Amines are classified as primary, secondary, or tertiary based on the number of alkyl or aryl groups attached directly to the nitrogen atom. In \((\text{CH}_3)_3\text{CNH}_2\), the nitrogen is bonded to only one carbon atom, making it a primary amine. In \((\text{CH}_3)_2\text{CHNHCH}_3\), the nitrogen is bonded to two carbon atoms, making it a secondary amine. In \((\text{CH}_3)_3\text{N}\), the nitrogen is bonded to three carbon atoms (three methyl groups), making it a tertiary amine. In \((\text{CH}_3)_2\text{CHCH}_2\text{NH}_2\), the nitrogen is bonded to only one carbon atom, making it a primary amine.

[1] Award for identifying \((\text{CH}_3)_3\text{N}\) as the tertiary amine.

Let's analyze the species: \(\text{Cl}^-\), \(\text{S}^{2-}\), and \(\text{P}^{3-}\) are isoelectronic (each has 18 electrons). As nuclear charge decreases from chlorine (17 protons) to sulfur (16 protons) to phosphorus (15 protons), the nucleus exerts less pull on the electron cloud, so the radius increases: \(\text{Cl}^- < \text{S}^{2-} < \text{P}^{3-}\). In contrast, \(\text{Na}^+ > \text{Mg}^{2+} > \text{Al}^{3+}\) (decreasing radius). For cations down a group, the correct increasing order is \(\text{Li}^+ < \text{Na}^+ < \text{K}^+\). For the isoelectronic series in option D, the correct increasing order is \(\text{Na}^+ < \text{F}^- < \text{O}^{2-}\).

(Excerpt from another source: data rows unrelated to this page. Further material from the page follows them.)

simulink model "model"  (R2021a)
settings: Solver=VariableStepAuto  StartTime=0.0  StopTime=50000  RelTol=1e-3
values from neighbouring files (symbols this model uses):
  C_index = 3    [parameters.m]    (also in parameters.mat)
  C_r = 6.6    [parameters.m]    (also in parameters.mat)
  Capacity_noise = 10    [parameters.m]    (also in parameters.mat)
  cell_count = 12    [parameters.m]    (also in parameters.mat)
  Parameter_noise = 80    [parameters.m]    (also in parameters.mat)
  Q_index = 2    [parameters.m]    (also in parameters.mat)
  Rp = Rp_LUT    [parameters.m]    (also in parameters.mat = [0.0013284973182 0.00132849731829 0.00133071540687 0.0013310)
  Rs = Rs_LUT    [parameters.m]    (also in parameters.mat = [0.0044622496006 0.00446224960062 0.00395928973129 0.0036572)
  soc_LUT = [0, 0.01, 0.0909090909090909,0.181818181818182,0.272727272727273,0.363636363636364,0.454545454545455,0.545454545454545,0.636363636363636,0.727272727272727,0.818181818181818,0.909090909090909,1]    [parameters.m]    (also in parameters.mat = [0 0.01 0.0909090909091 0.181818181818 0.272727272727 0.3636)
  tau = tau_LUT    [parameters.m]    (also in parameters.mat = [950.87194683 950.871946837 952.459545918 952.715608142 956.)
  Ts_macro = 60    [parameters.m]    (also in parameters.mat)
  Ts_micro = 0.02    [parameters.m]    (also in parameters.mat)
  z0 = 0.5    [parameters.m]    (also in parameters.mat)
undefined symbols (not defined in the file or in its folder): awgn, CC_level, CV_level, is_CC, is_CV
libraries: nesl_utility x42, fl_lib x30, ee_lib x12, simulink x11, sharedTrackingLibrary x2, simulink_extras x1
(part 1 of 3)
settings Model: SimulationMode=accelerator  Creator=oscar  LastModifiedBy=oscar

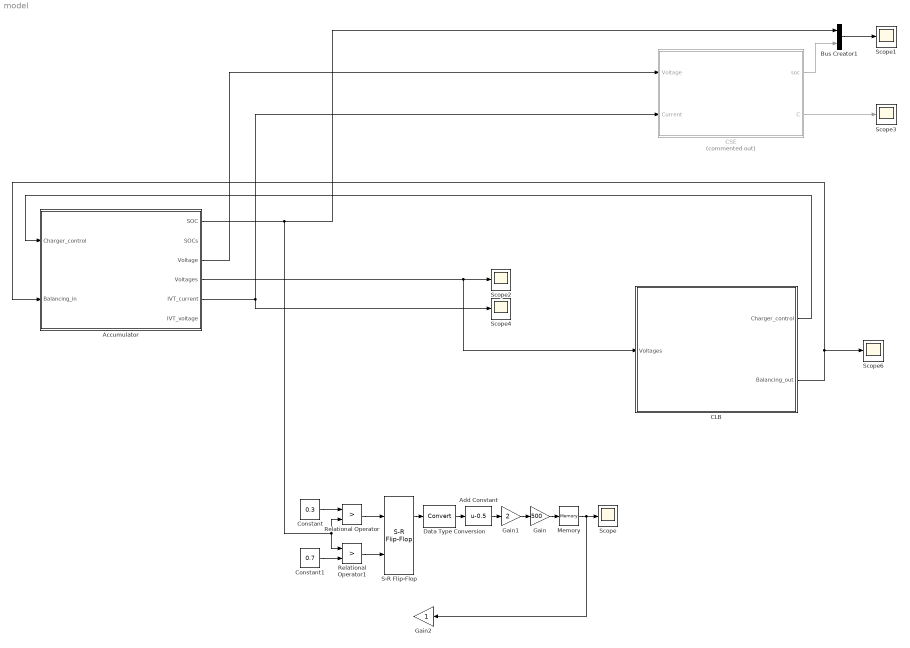
== system model ==
  Accumulator : Subsystem
  Add Constant : Bias  Bias=-0.5
  Bus Creator1 : BusCreator  Inputs=2
  CLB : Subsystem
  CSE : Subsystem  Commented=on
  Constant : Constant  Value=0.3
  Constant1 : Constant  Value=0.7
  Data Type Conversion : DataTypeConversion
  Gain : Gain  Gain=500
  Gain1 : Gain  Gain=2
  Gain2 : Gain
  Memory : Memory
  Relational Operator : RelationalOperator  Operator=>  OutDataTypeStr=boolean  RndMeth=Simplest
  Relational Operator1 : RelationalOperator  Operator=>  OutDataTypeStr=boolean  RndMeth=Simplest
  S-R Flip-Flop : simulink_extras/Flip Flops/S-R Flip-Flop  initial_condition=0
  Scope{,1..4,6} (6 alike) : Scope
  wires:
  Relational Operator/1 -> S-R Flip-Flop/1
  Constant/1 -> Relational Operator/1
  Relational Operator1/1 -> S-R Flip-Flop/2
  Constant1/1 -> Relational Operator1/2
  Accumulator/1(SOC) -> Bus Creator1/1, Relational Operator1/1, Relational Operator/2
  S-R Flip-Flop/1 -> Data Type Conversion/1
  Data Type Conversion/1 -> Add Constant/1
  Gain/1 -> Memory/1
  Memory/1 -> Gain2/1, Scope/1
  Gain1/1 -> Gain/1
  Add Constant/1 -> Gain1/1
  CSE/1(soc) -> Bus Creator1/2
  CSE/2(C) -> Scope3/1
  Accumulator/3(Voltage) -> CSE/1(Voltage)
  Bus Creator1/1 -> Scope1/1
  Accumulator/4(Voltages) -> Scope2/1, CLB/1(Voltages)
  CLB/1(Charger_control) -> Accumulator/1(Charger_control)
  Accumulator/5(IVT_current) -> Scope4/1, CSE/2(Current)
  CLB/2(Balancing_out) -> Scope6/1, Accumulator/2(Balancing_in)

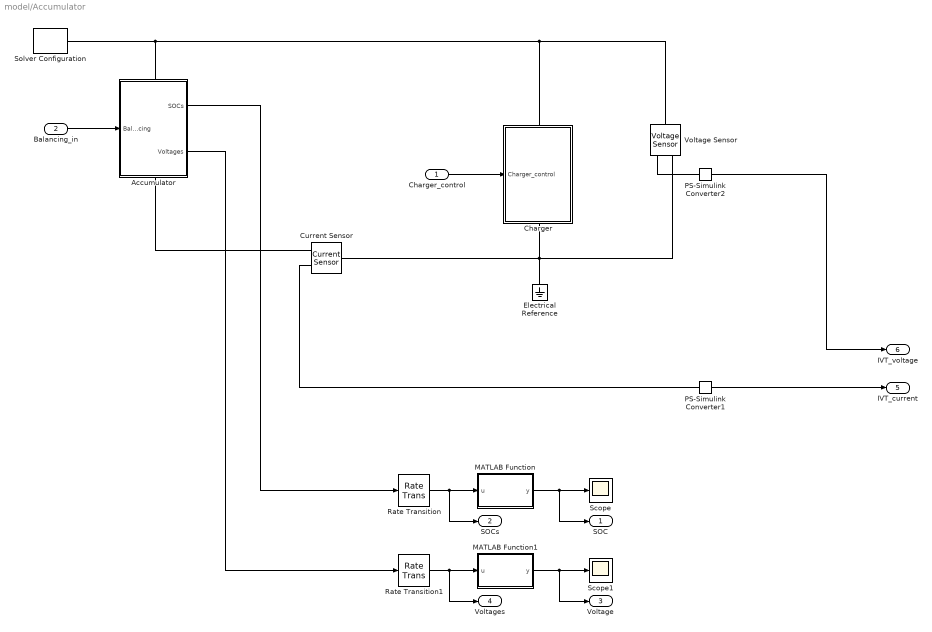
== system model/Accumulator ==
  Charger_control : Inport
  Balancing_in : Inport  Port=2
  Accumulator : Subsystem
      settings: PortSchema="{\"entries\":[{\"content\":{\"sides\":[{\"content\":{\"connectorIds\":[\"In1\"]},\"type\":\"ConnectorPlacement.EquallySpacedRectSide\",\"uuid\":\"7aa37425-1517-42e6-9129-5d9372d372f8\"},{\"content\":{\"connectorIds\":[\"Out1\",\"Out2\"],\"side\":\"RIGHT\"},\"type\":\"ConnectorPlacement.EquallySpacedRectSide\",\"uuid\":\"8265762a-4e80-42de-938c-143734618be7\"},{\"content\":{\"connectorIds\":[\"LConn1\"],\"side\":\"TOP\"},\"type\":\"ConnectorPlacement.EquallySpacedRectSide\",\"uuid\":\"c7d72465-b0c3-4e65-b936-a540327d2954\"},{\"content\":{\"connectorIds\":[\"RConn1\"],\"side\":\"BOTTOM\"},\"type\":\"ConnectorPlacement.EquallySpacedRectSide\",\"uuid\":\"e93312ce-2b0b-47c2-80fe-bdd830a032c3\"}]},\"type\":\"ConnectorPlacement.EquallySpacedConnector\",\"uuid\":\"a59f8eb4-3dec-4028-95ea-1df15449e076\"}],\"packageUris\":[\"http://schema.mathworks.com/mf0/Connector/R2020b\"],\"version\":\"1.0\"}"
  Charger : Subsystem
      settings: PortSchema="{\"entries\":[{\"content\":{\"sides\":[{\"content\":{\"connectorIds\":[\"In1\"]},\"type\":\"ConnectorPlacement.EquallySpacedRectSide\",\"uuid\":\"7aa37425-1517-42e6-9129-5d9372d372f8\"},{\"content\":{\"connectorIds\":[],\"side\":\"RIGHT\"},\"type\":\"ConnectorPlacement.EquallySpacedRectSide\",\"uuid\":\"8265762a-4e80-42de-938c-143734618be7\"},{\"content\":{\"connectorIds\":[\"LConn1\"],\"side\":\"TOP\"},\"type\":\"ConnectorPlacement.EquallySpacedRectSide\",\"uuid\":\"c7d72465-b0c3-4e65-b936-a540327d2954\"},{\"content\":{\"connectorIds\":[\"RConn1\"],\"side\":\"BOTTOM\"},\"type\":\"ConnectorPlacement.EquallySpacedRectSide\",\"uuid\":\"e93312ce-2b0b-47c2-80fe-bdd830a032c3\"}]},\"type\":\"ConnectorPlacement.EquallySpacedConnector\",\"uuid\":\"a59f8eb4-3dec-4028-95ea-1df15449e076\"}],\"packageUris\":[\"http://schema.mathworks.com/mf0/Connector/R2020b\"],\"version\":\"1.0\"}"
  Current Sensor : fl_lib/Electrical/Electrical Sensors/Current Sensor
  Electrical Reference : fl_lib/Electrical/Electrical Elements/Electrical Reference
  MATLAB Function : MATLAB Function  TreatAsAtomicUnit=on
  MATLAB Function1 : MATLAB Function  TreatAsAtomicUnit=on
  PS-Simulink Converter1 : nesl_utility/PS-Simulink Converter  PhysicalDomain=network_engine_domain  SubClassName=ps_output  LeftPortType=input  RightPortType=output  PseudoPeriodic=off  Frequencies=[]  Unit=inherit  AffineConversion=off
      settings: SourceProductBaseCode=PW,SS
  PS-Simulink Converter2 : nesl_utility/PS-Simulink Converter  PhysicalDomain=network_engine_domain  SubClassName=ps_output  LeftPortType=input  RightPortType=output  PseudoPeriodic=off  Frequencies=[]  Unit=inherit  AffineConversion=off
      settings: SourceProductBaseCode=PW,SS
  Rate Transition : RateTransition  OutPortSampleTime=Ts_micro
  Rate Transition1 : RateTransition  OutPortSampleTime=Ts_micro
  Scope : Scope
  Scope1 : Scope
  Solver Configuration : nesl_utility/Solver Configuration  PhysicalDomain=network_engine_domain  SubClassName=solver  LeftPortType=input  RightPortType=generic  Tones=[]  Harmonics=[]  SimulateNoise=off  Profile=off  UseLocalSampling=off  EnableSwitchedLinearOptims=on  FrequencyDomain=off  UseCCode=off  RelTol=0.001  AbsTol=1e-06  MinStep=1e-09  ToWorkspace=off  RevertToSquareIcSolve=off  NumHomotopyIterations=100  PhasorMode=off  PhasorModeNumHarmonics=1  DoDC=off  ResidualTolerance=1e-09  UseLocalSolver=on  LocalSolverChoice=NE_BACKWARD_EULER_ADVANCER  LocalSolverSampleTime=Ts_micro  DoFixedCost=on  MaxNonlinIter=3  MaxModeIter=2  ComputeImpulses=off  ImpulseIterations=2  LinearAlgebra=auto  EquationFormulation=NE_TIME_EF  DelaysMemoryBudget=1024  AutomaticFiltering=on  FilteringTimeConstant=0.001  PartitionStorageMethod=AS_NEEDED  PartitionMemoryBudget=1024  PartitionMethod=ROBUST
      settings: SourceProductBaseCode=PW,SS
  Voltage Sensor : fl_lib/Electrical/Electrical Sensors/Voltage Sensor
  SOC : Outport
  SOCs : Outport  Port=2
  Voltage : Outport  Port=3
  Voltages : Outport  Port=4
  IVT_current : Outport  Port=5
  IVT_voltage : Outport  Port=6
  wires:
  Rate Transition/1 -> MATLAB Function/1(u), SOCs/1
  MATLAB Function/1(y) -> SOC/1, Scope/1
  Rate Transition1/1 -> MATLAB Function1/1(u), Voltages/1
  MATLAB Function1/1(y) -> Scope1/1, Voltage/1
  PS-Simulink Converter1/1 -> IVT_current/1
  PS-Simulink Converter2/1 -> IVT_voltage/1
  Accumulator/2(Voltages) -> Rate Transition1/1
  Accumulator/1(SOCs) -> Rate Transition/1
  Charger_control/1 -> Charger/1(Charger_control)
  Balancing_in/1 -> Accumulator/1(Balancing)
  connections:
  Solver Configuration/RConn1 -- Charger/LConn1 -- Voltage Sensor/LConn1 -- Accumulator/LConn1
  Voltage Sensor/RConn2 -- Current Sensor/LConn1 -- Charger/RConn1 -- Electrical Reference/LConn1
  Accumulator/RConn1 -- Current Sensor/RConn2
  PS-Simulink Converter2/LConn1 -- Voltage Sensor/RConn1
  PS-Simulink Converter1/LConn1 -- Current Sensor/RConn1

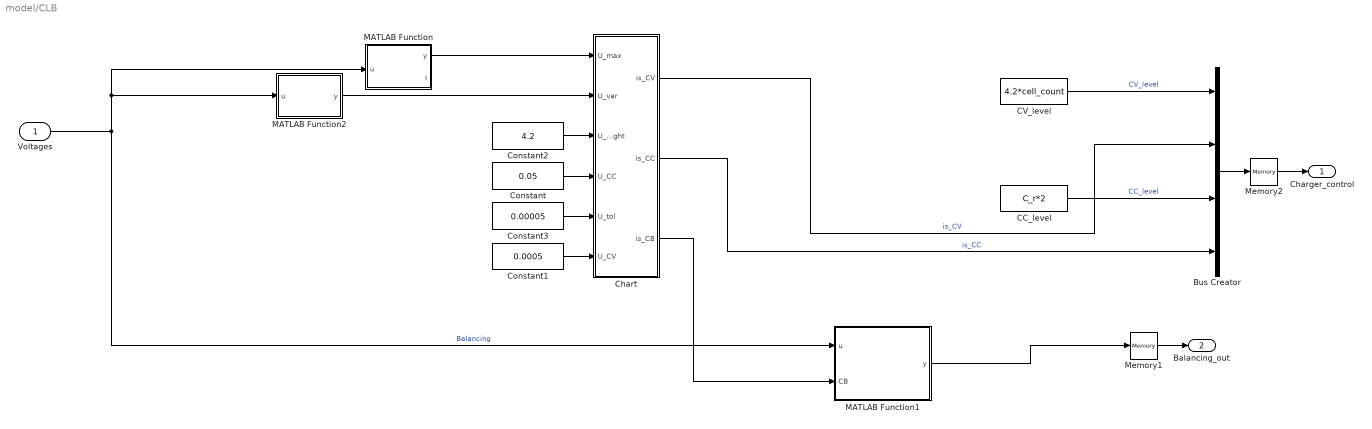
== system model/CLB ==
  Voltages : Inport
  Bus Creator : BusCreator  Inputs=CV_level,is_CV,CC_level,is_CC
  CC_level : Constant  Value=C_r*2
  CV_level : Constant  Value=4.2*cell_count
  Chart : Stateflow chart  TreatAsAtomicUnit=on
  Constant : Constant  Value=0.05
  Constant1 : Constant  Value=0.0005
  Constant2 : Constant  Value=4.2
  Constant3 : Constant  Value=0.00005
  MATLAB Function : MATLAB Function  TreatAsAtomicUnit=on
  MATLAB Function1 : MATLAB Function  TreatAsAtomicUnit=on
  MATLAB Function2 : MATLAB Function  TreatAsAtomicUnit=on
  Memory1 : Memory
  Memory2 : Memory
  Charger_control : Outport
  Balancing_out : Outport  Port=2
  wires:
  Memory2/1 -> Charger_control/1
  CV_level/1 -> Bus Creator/1  "CV_level"
  Bus Creator/1 -> Memory2/1
  CC_level/1 -> Bus Creator/3  "CC_level"
  Memory1/1 -> Balancing_out/1
  MATLAB Function/1(y) -> Chart/1(U_max)
  MATLAB Function2/1(y) -> Chart/2(U_var)
  Constant/1 -> Chart/4(U_CC)
  Constant2/1 -> Chart/3(U_sought)
  Chart/1(is_CV) -> Bus Creator/2  "is_CV"
  Chart/2(is_CC) -> Bus Creator/4  "is_CC"
  Constant1/1 -> Chart/6(U_CV)
  Constant3/1 -> Chart/5(U_tol)
  Voltages/1 -> MATLAB Function1/1(u), MATLAB Function/1(u), MATLAB Function2/1(u)  "Balancing"
  Chart/3(is_CB) -> MATLAB Function1/2(CB)
  MATLAB Function1/1(y) -> Memory1/1

== system model/CSE ==
  Voltage : Inport
  Current : Inport  Port=2
  Subsystem1 : Subsystem
  soc : Outport
  C : Outport  Port=2
  wires:
  Current/1 -> Subsystem1/2(u)  "Measured current"
  Subsystem1/1(soc) -> soc/1
  Voltage/1 -> Subsystem1/1(y)  "Measured terminal voltage"
  Subsystem1/2(C) -> C/1

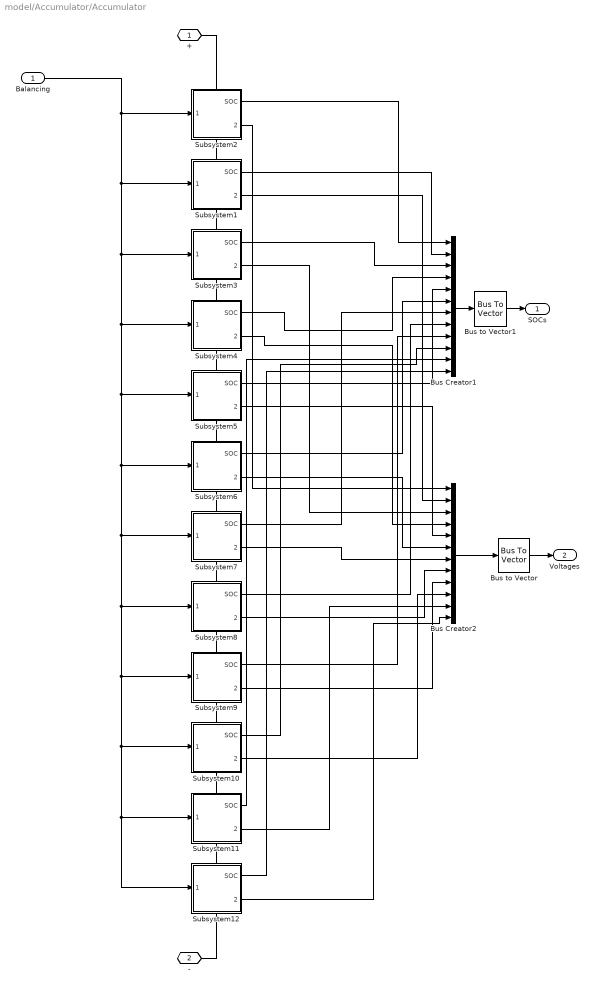
== system model/Accumulator/Accumulator ==
  Balancing : Inport
  Bus Creator1 : BusCreator  Inputs=12
  Bus Creator2 : BusCreator  Inputs=12
  Bus to Vector : BusToVector
  Bus to Vector1 : BusToVector
  Subsystem1 : Subsystem
      settings: PortSchema="{\"entries\":[{\"content\":{\"sides\":[{\"content\":{\"connectorIds\":[\"In1\"]},\"type\":\"ConnectorPlacement.EquallySpacedRectSide\",\"uuid\":\"12454999-d530-49f5-bac0-069dc0ea13eb\"},{\"content\":{\"connectorIds\":[\"Out1\",\"Out2\"],\"side\":\"RIGHT\"},\"type\":\"ConnectorPlacement.EquallySpacedRectSide\",\"uuid\":\"c2464d36-28a6-4c7d-a40d-2467db5248bd\"},{\"content\":{\"connectorIds\":[\"LConn1\"],\"side\":\"TOP\"},\"type\":\"ConnectorPlacement.EquallySpacedRectSide\",\"uuid\":\"cd9dcdbd-9013-49a9-840c-21f78f4a635e\"},{\"content\":{\"connectorIds\":[\"RConn1\"],\"side\":\"BOTTOM\"},\"type\":\"ConnectorPlacement.EquallySpacedRectSide\",\"uuid\":\"e02f0798-3af2-4b56-8f3d-3f1057b9d009\"}]},\"type\":\"ConnectorPlacement.EquallySpacedConnector\",\"uuid\":\"1b50d1f5-ed91-4227-9f31-c0f7430569a7\"}],\"packageUris\":[\"http://schema.mathworks.com/mf0/Connector/R2020b\"],\"version\":\"1.0\"}"
  Subsystem10 : Subsystem
      settings: PortSchema="{\"entries\":[{\"content\":{\"sides\":[{\"content\":{\"connectorIds\":[\"In1\"]},\"type\":\"ConnectorPlacement.EquallySpacedRectSide\",\"uuid\":\"12454999-d530-49f5-bac0-069dc0ea13eb\"},{\"content\":{\"connectorIds\":[\"Out1\",\"Out2\"],\"side\":\"RIGHT\"},\"type\":\"ConnectorPlacement.EquallySpacedRectSide\",\"uuid\":\"c2464d36-28a6-4c7d-a40d-2467db5248bd\"},{\"content\":{\"connectorIds\":[\"LConn1\"],\"side\":\"TOP\"},\"type\":\"ConnectorPlacement.EquallySpacedRectSide\",\"uuid\":\"cd9dcdbd-9013-49a9-840c-21f78f4a635e\"},{\"content\":{\"connectorIds\":[\"RConn1\"],\"side\":\"BOTTOM\"},\"type\":\"ConnectorPlacement.EquallySpacedRectSide\",\"uuid\":\"e02f0798-3af2-4b56-8f3d-3f1057b9d009\"}]},\"type\":\"ConnectorPlacement.EquallySpacedConnector\",\"uuid\":\"1b50d1f5-ed91-4227-9f31-c0f7430569a7\"}],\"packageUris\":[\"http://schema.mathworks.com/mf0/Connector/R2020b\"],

[1] Award for identifying the correct increasing order of ionic radius for isoelectronic species (Option B).

Let's calculate the oxidation state of sulfur (S) in each species: In \(\text{S}_2\text{O}_3^{2-}\), \(2(\text{S}) + 3(-2) = -2 \implies \text{S} = +2\). In \(\text{S}_4\text{O}_6^{2-}\), \(4(\text{S}) + 6(-2) = -2 \implies \text{S} = +2.5\). In \(\text{SO}_3^{2-}\), \((\text{S}) + 3(-2) = -2 \implies \text{S} = +4\). In \(\text{SO}_2\text{Cl}_2\), oxygen is more electronegative than sulfur (\(-2\)) and chlorine is also more electronegative than sulfur (\(-1\)), so \((\text{S}) + 2(-2) + 2(-1) = 0 \implies \text{S} = +6\). Thus, the highest oxidation state of sulfur is in \(\text{SO}_2\text{Cl}_2\).

[1] Award for selecting the correct species with the highest oxidation state (+6).

For any pure water sample, \([\text{H}^+] = [\text{OH}^-]\) because autoionization produces equal amounts of hydrogen and hydroxide ions. Since the concentrations are equal, the water is neutral. Since \(K_w = [\text{H}^+][\text{OH}^-] = [\text{H}^+]^2 = 5.5 \times 10^{-14}\), we get \([\text{H}^+] = \sqrt{5.5 \times 10^{-14}} \approx 2.35 \times 10^{-7}\ \text{mol}\ \text{dm}^{-3}\). Since this concentration is greater than \(1.0 \times 10^{-7}\ \text{mol}\ \text{dm}^{-3}\), the pH is less than 7.00 (approx 6.63). Therefore, the pH is less than 7.00, but the water remains neutral.

[1] Award for identifying that pH is less than 7.00 and the water is neutral.

The length of a carbon-carbon bond depends on its bond order: \(\text{C}_2\text{H}_6\) (ethane) has a single covalent bond (bond order = 1), which is the longest. \(\text{C}_6\text{H}_6\) (benzene) has intermediate bonds due to resonance delocalization (bond order = 1.5). \(\text{C}_2\text{H}_4\) (ethene) has a double covalent bond (bond order = 2). \(\text{C}_2\text{H}_2\) (ethyne) has a triple covalent bond (bond order = 3), which is the shortest. Therefore, the decreasing order of bond length is \(\text{C}_2\text{H}_6 > \text{C}_6\text{H}_6 > \text{C}_2\text{H}_4 > \text{C}_2\text{H}_2\).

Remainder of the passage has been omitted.